By the time it turned five o’clock I’d had a good day. I’d even got a few tips, something that rarely happened. Was it because of the unusually good mood I was in? The new me, so to speak?
I parked the cab in Palle’s garage. He kept his tools hanging on the wall, and it took me twenty minutes to do the job that had to be done.
I got into my own car, called Wenche and told her I’d bought a bottle of white wine to have with dinner, her favourite type.
‘What is it with you?’ she asked again, only this time without the tone of annoyance she used at breakfast. Almost curious. And why not? Now I was a new me, maybe I could be a new me for her too.

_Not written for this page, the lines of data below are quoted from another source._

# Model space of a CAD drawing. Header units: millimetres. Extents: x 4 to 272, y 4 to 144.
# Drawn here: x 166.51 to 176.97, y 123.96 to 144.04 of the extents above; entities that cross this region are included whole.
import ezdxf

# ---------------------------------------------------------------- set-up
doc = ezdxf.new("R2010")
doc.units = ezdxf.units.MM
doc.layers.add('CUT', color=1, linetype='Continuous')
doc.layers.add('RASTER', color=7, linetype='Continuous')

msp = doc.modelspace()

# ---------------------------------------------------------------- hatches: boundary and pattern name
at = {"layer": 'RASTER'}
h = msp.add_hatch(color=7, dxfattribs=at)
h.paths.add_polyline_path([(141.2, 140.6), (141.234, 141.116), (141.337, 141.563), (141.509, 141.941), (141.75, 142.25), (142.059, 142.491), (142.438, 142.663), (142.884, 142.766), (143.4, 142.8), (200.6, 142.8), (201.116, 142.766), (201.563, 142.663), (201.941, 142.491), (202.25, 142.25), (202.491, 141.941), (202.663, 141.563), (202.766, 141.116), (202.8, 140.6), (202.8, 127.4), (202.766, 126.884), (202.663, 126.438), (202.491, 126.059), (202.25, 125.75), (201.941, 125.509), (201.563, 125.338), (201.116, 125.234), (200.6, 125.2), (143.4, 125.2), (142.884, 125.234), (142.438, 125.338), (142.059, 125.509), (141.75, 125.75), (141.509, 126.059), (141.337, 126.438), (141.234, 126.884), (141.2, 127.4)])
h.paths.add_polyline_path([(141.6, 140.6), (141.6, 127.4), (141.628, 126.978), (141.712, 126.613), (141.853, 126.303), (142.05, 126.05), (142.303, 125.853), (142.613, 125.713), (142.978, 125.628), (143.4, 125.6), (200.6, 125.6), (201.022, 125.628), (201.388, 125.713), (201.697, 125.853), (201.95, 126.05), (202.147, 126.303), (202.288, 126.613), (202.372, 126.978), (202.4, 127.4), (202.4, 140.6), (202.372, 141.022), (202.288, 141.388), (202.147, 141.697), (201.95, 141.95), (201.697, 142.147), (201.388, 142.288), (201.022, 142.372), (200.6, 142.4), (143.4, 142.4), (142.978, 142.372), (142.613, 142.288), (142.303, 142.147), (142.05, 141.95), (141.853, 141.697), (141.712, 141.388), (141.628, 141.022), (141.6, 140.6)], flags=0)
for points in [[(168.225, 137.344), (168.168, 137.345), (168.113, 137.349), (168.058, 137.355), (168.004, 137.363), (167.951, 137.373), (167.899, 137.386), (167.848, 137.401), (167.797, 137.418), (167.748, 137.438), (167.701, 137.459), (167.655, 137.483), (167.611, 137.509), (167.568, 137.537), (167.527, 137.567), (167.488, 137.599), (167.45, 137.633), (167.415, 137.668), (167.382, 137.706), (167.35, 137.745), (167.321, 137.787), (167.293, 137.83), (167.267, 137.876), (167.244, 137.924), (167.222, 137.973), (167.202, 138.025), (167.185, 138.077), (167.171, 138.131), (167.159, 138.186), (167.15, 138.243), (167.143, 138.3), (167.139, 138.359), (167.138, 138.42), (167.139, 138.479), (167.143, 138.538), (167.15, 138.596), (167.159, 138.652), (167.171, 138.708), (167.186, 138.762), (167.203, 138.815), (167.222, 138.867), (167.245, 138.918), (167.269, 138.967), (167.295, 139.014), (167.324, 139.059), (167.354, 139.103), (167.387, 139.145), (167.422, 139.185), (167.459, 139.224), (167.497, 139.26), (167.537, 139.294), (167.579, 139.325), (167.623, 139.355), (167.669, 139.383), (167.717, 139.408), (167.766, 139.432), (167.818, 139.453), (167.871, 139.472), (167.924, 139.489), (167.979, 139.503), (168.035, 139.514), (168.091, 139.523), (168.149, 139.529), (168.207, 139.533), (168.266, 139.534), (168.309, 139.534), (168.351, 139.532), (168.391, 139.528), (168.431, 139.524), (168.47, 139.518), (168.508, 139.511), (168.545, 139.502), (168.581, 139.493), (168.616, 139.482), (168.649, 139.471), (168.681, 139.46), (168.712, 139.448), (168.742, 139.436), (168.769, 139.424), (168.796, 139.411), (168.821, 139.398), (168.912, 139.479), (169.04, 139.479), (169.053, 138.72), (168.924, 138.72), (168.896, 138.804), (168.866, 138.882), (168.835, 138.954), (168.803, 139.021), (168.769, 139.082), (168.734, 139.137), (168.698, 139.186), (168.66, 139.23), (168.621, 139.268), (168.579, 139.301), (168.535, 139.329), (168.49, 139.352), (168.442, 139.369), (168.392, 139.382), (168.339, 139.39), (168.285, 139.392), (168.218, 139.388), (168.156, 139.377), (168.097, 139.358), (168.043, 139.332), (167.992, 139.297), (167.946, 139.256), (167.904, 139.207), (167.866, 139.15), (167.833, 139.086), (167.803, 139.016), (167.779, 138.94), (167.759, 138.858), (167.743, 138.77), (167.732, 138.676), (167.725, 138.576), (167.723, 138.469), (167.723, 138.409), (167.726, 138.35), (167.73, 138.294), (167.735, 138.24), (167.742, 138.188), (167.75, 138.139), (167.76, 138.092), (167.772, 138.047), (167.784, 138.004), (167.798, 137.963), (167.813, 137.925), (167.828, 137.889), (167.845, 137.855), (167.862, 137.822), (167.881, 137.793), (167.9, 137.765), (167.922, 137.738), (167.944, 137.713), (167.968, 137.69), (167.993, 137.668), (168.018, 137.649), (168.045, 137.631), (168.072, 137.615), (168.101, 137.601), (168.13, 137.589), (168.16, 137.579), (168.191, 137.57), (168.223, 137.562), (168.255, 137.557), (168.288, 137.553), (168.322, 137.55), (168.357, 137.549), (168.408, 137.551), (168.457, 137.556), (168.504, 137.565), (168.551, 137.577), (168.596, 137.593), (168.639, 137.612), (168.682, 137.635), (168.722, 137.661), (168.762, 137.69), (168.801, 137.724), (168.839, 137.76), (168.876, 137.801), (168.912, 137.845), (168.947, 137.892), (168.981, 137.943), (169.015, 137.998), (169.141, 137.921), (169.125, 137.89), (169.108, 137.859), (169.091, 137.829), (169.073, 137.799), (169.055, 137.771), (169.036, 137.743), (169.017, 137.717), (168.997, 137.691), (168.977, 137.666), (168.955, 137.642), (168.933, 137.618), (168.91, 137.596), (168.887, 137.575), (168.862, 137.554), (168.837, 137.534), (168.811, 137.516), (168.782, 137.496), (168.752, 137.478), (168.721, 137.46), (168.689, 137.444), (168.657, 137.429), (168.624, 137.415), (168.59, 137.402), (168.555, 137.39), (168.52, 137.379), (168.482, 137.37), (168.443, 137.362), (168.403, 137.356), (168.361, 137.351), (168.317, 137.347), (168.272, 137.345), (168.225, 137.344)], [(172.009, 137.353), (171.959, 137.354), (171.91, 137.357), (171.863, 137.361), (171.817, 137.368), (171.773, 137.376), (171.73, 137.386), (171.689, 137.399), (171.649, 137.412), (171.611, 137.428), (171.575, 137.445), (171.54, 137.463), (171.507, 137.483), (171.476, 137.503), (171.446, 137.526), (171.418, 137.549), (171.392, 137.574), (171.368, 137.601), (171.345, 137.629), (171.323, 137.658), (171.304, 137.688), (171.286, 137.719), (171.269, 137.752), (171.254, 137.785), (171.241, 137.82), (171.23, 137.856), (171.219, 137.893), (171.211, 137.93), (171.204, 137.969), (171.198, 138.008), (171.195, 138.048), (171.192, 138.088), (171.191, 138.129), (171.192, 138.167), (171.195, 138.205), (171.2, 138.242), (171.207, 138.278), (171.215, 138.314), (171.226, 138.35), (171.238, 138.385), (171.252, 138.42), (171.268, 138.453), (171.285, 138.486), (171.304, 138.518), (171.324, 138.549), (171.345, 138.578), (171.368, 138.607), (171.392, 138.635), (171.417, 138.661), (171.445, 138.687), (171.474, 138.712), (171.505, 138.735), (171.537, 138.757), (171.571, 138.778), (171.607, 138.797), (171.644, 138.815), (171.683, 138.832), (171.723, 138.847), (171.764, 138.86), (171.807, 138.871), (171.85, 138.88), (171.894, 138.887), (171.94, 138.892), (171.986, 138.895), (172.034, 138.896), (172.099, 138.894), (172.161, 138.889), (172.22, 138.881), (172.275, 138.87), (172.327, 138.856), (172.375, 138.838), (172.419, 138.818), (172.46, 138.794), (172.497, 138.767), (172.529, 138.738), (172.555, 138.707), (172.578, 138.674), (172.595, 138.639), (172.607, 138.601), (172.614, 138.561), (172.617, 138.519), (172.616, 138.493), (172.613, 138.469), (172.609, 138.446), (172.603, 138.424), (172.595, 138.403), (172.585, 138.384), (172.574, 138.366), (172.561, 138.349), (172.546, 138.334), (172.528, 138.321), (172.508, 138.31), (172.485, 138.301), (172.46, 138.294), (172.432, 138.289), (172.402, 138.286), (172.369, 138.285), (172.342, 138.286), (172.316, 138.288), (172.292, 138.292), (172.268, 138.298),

I was humming I drove along, one hand on the wheel. Steering. I liked steering. The other hand was in my trouser pocket and I was thinking about the brake fluid I’d drained back there in the garage. Wondered what it was Palle had on Eirin, or did they have something on each other? Wondered how far back the two of them went. Long enough at least for him to be able to ask her to step up once he realised I was bound to make the connection between him, the earring and Wenche. He’d probably called Wenche immediately after I rang him to ask about the earring. And she’d immediately hidden the box with the one remaining earring. It was a smart move to claim she’d lent them to a friend. She was going out tonight, yes, but she wouldn’t be meeting Torill or any of her other friends, she’d be meeting Palle who, according to plan, would have the earring I’d given to Eirin. But Wenche would never get that earring from Palle. And not because Palle had noticed the earrings Wenche was wearing as they lay there in the back seat. There’s no way he would have noticed that the earring Eirin handed to him had a narrow band around it, like a blue equator. No way.